В романе есть чудесные слова: Любовь, в сокровенной сущности своей — воровка.
Влюблённый всегда похищает что-то: или сердце у любимого человека, или душу у неба и ада, пусть и уютного, но — ада. Ибо жизнь без Той самой любви, даже в роскошной золотой клетке — это ад.
Это так больно, сознавать, что для подавляющего большинства людей, душа и любовь, рай — где деньги и роскошь, где — «золото».
А подлинное золото, — Любовь (златоокая девушка), как и бог, подвергаются или глумлению, или просто, продают люди любовь, ради выгоды, как мать, свою дочку, в романе. И.. как мама Эвридики, следует за ней — в ад (к слову, новый и экзистенциальный образ в искусстве, я просто закурсивел его, чтобы он стал понятным, а то многие читатели просто свысока будут судить несчастную мать).
Пиковый эпизод в романе, более чем интимен и экзистенциален… до нелепости трагизма, переходящего почти в фарс.
Вы замечали, что самый изысканный и божественный вид красоты, находится часто на грани бульварности и пошлости?
Может именно поэтому с пошлостью так часто граничит вечная красота цыганских романсов, а с бульварным чтивом, романы Достоевского или Набокова?
Повторяю — граничат. Как горизонт событий в Чёрной дыре, ибо этот горизонт, где время и пространство, стали блаженны, мерцают немыслимым светом: дай сюжеты Достоевского или Набокова, 1000000 других писателей, даже чудесных, и выйдет безупречная пошлость, как и у тех пошляков, кто их критикует, а у них — некое присутствие божества чувствуется.

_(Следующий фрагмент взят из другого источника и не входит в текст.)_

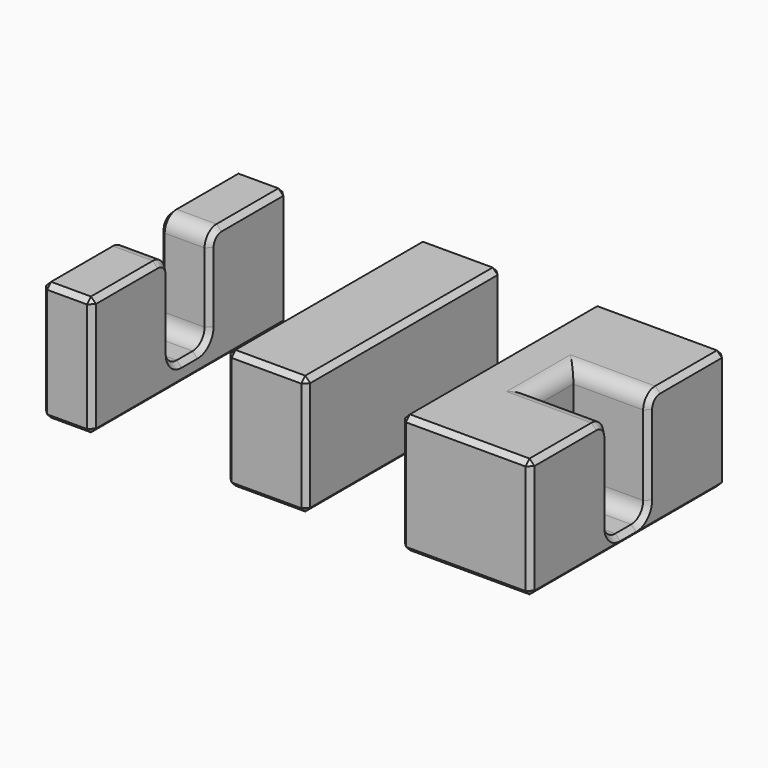
from build123d import *

# Parameters (mm, degrees)
F0_W       = 16
F0_H       = 49
F1_DEPTH   = 24
F2_SIZE    = 1
F0_W_2     = 26
F3_DEPTH   = 24
F5_DEPTH   = 15
F0_W_3     = 10
F6_DEPTH   = 24
F8_DEPTH   = 26
F9_R       = 3
F9_2_R     = 3
F10_SIZE   = 0.99999
F10_2_SIZE = 0.99999


# Not quite as in the source:
# - a fillet or chamfer is up to 0.001 mm smaller than in the source, because OpenCascade refuses the exact size


with BuildPart() as f1:
    # F0 (on Top) → F1 (new body)
    with BuildSketch(Plane.XY):
        Rectangle(F0_W, F0_H)
    extrude(amount=F1_DEPTH)

    # F2
    f2_edges = [f1.edges().sort_by_distance(p)[0] for p in [
        (-8, 0, 0),
        (0, -24.5, 0),
        (8, 0, 0),
        (0, 24.5, 0),
        (8, -24.5, 12),
        (8, 24.5, 12),
        (-8, 24.5, 12),
        (-8, -24.5, 12),
        (-8, 0, 24),
        (0, -24.5, 24),
        (8, 0, 24),
        (0, 24.5, 24),
    ]]
    chamfer(f2_edges, length=F2_SIZE)


with BuildPart() as f3:
    # F0 (on Top) → F3 (new body)
    with BuildSketch(Plane.XY):
        with Locations((40, 0)):
            Rectangle(F0_W_2, F0_H)
    extrude(amount=F3_DEPTH)

    # F4 (on face) → F5 (cut)
    with BuildSketch(Plane.YZ.offset(53)):
        Polygon((-5, 2), (0, 2), (5, 2), (5, 24), (-5, 24), align=None)
    extrude(amount=-F5_DEPTH, mode=Mode.SUBTRACT)

    # F9
    f9_edges = [f3.edges().sort_by_distance(p)[0] for p in [
        (45.5, 5, 2),
        (45.5, -5, 2),
        (38, 0, 2),
        (45.5, 5, 24),
        (38, 0, 24),
        (45.5, -5, 24),
    ]]
    fillet(f9_edges, radius=F9_R)

    # F10 (size 1 in the source; OpenCascade refuses exactly that, so slightly less here)
    f10_edges = [f3.edges().sort_by_distance(p)[0] for p in [
        (53, 16.25, 24),
        (53, 5.87868, 23.12132),
        (53, 24.5, 12),
        (53, 5, 13),
        (53, 0, 0),
        (53, 4.12132, 2.87868),
        (53, -24.5, 12),
        (53, 0, 2),
        (53, -16.25, 24),
        (53, -4.12132, 2.87868),
        (53, -5.87868, 23.12132),
        (53, -5, 13),
        (27, -24.5, 12),
        (40, -24.5, 0),
        (40, -24.5, 24),
        (27, 24.5, 12),
        (27, 0, 0),
        (27, 0, 24),
        (40, 24.5, 0),
        (40, 24.5, 24),
    ]]
    chamfer(f10_edges, length=F10_SIZE)


with BuildPart() as f6:
    # F0 (on Top) → F6 (new body)
    with BuildSketch(Plane.XY):
        with Locations((-40, 0)):
            Rectangle(F0_W_3, F0_H)
    extrude(amount=F6_DEPTH)

    # F7 (on face) → F8 (cut)
    with BuildSketch(Plane(origin=(-45, 0, 0), x_dir=(0, -1, 0), z_dir=(-1, 0, 0))):
        Polygon((-5, 4), (0, 4), (5, 4), (5, 24), (-5, 24), align=None)
    extrude(amount=-F8_DEPTH, mode=Mode.SUBTRACT)

    # F9#2
    f9_2_edges = [f6.edges().sort_by_distance(p)[0] for p in [
        (-40, -5, 4),
        (-40, 5, 4),
        (-40, 5, 24),
        (-40, -5, 24),
    ]]
    fillet(f9_2_edges, radius=F9_2_R)

    # F10#2 (size 1 in the source; OpenCascade refuses exactly that, so slightly less here)
    f10_2_edges = [f6.edges().sort_by_distance(p)[0] for p in [
        (-45, -16.25, 24),
        (-45, -5.87868, 23.12132),
        (-45, -24.5, 12),
        (-45, -5, 14),
        (-45, 0, 0),
        (-45, -4.12132, 4.87868),
        (-45, 24.5, 12),
        (-45, 0, 4),
        (-45, 16.25, 24),
        (-45, 4.12132, 4.87868),
        (-45, 5.87868, 23.12132),
        (-45, 5, 14),
        (-35, 16.25, 24),
        (-35, 5.87868, 23.12132),
        (-35, 24.5, 12),
        (-35, 5, 14),
        (-35, 0, 0),
        (-35, 4.12132, 4.87868),
        (-35, -24.5, 12),
        (-35, 0, 4),
        (-35, -16.25, 24),
        (-35, -4.12132, 4.87868),
        (-35, -5.87868, 23.12132),
        (-35, -5, 14),
        (-40, -24.5, 0),
        (-40, 24.5, 0),
        (-40, 24.5, 24),
        (-40, -24.5, 24),
    ]]
    chamfer(f10_2_edges, length=F10_2_SIZE)


solid = Compound([f1.part, f3.part, f6.part])

Может потому что бог, и Любовь, переодетые и неузнанные в рубище, ходят по бульварам и пошлости, там — где страдает душа человека и любовь, красота?
Так Андрей Платонов любил спускаться в кабаки и пить с проститутками и несчастными, грязными мужиками, которых чурались «интеллигенты», соприкасаясь с их страдающей, изувеченной душой. Жена Платонова безумно ревновала к его «походам». А почему? По тем же канонам: большинство мужиков — мудчин, извлекали бы из этого свою сладострастную выгоду. Беда жизни и любви в том, что в мире есть души-лунатики, отличающиеся от других. Жена Платонова поняла это только после его смерти.
Так и Бальзак, нарочно создал шедевр, на грани неба и милой пошлости бульварного чтива.
И я даже не о том моменте, когда де Марсе, в разгар любовных ласк со смуглым ангелом, в преддверии оргазма (в 19 веке нужно было почти пол страницы, чтобы изящно завуалировать слово — оргазм. А у нас, лучше что ли? Порой вся жизнь уходит на то, чтобы любимый человек услышал.. расслышал, всего одно слово: люблю.), слышит, как с блаженных и побледневших уст смуглого ангела, срывается, как лепесток с розы, в небо, словно эта роза — в космосе, странное и нежное слово: О, Марикита…
Разумеется, страстный и ревнивый де Марсе, подумал, как Отелло, что его любимая, тоже, в преддверии оргазма, выкрикнула имя своего любовника.
Это больно.. очень. Так можно и убить — словом.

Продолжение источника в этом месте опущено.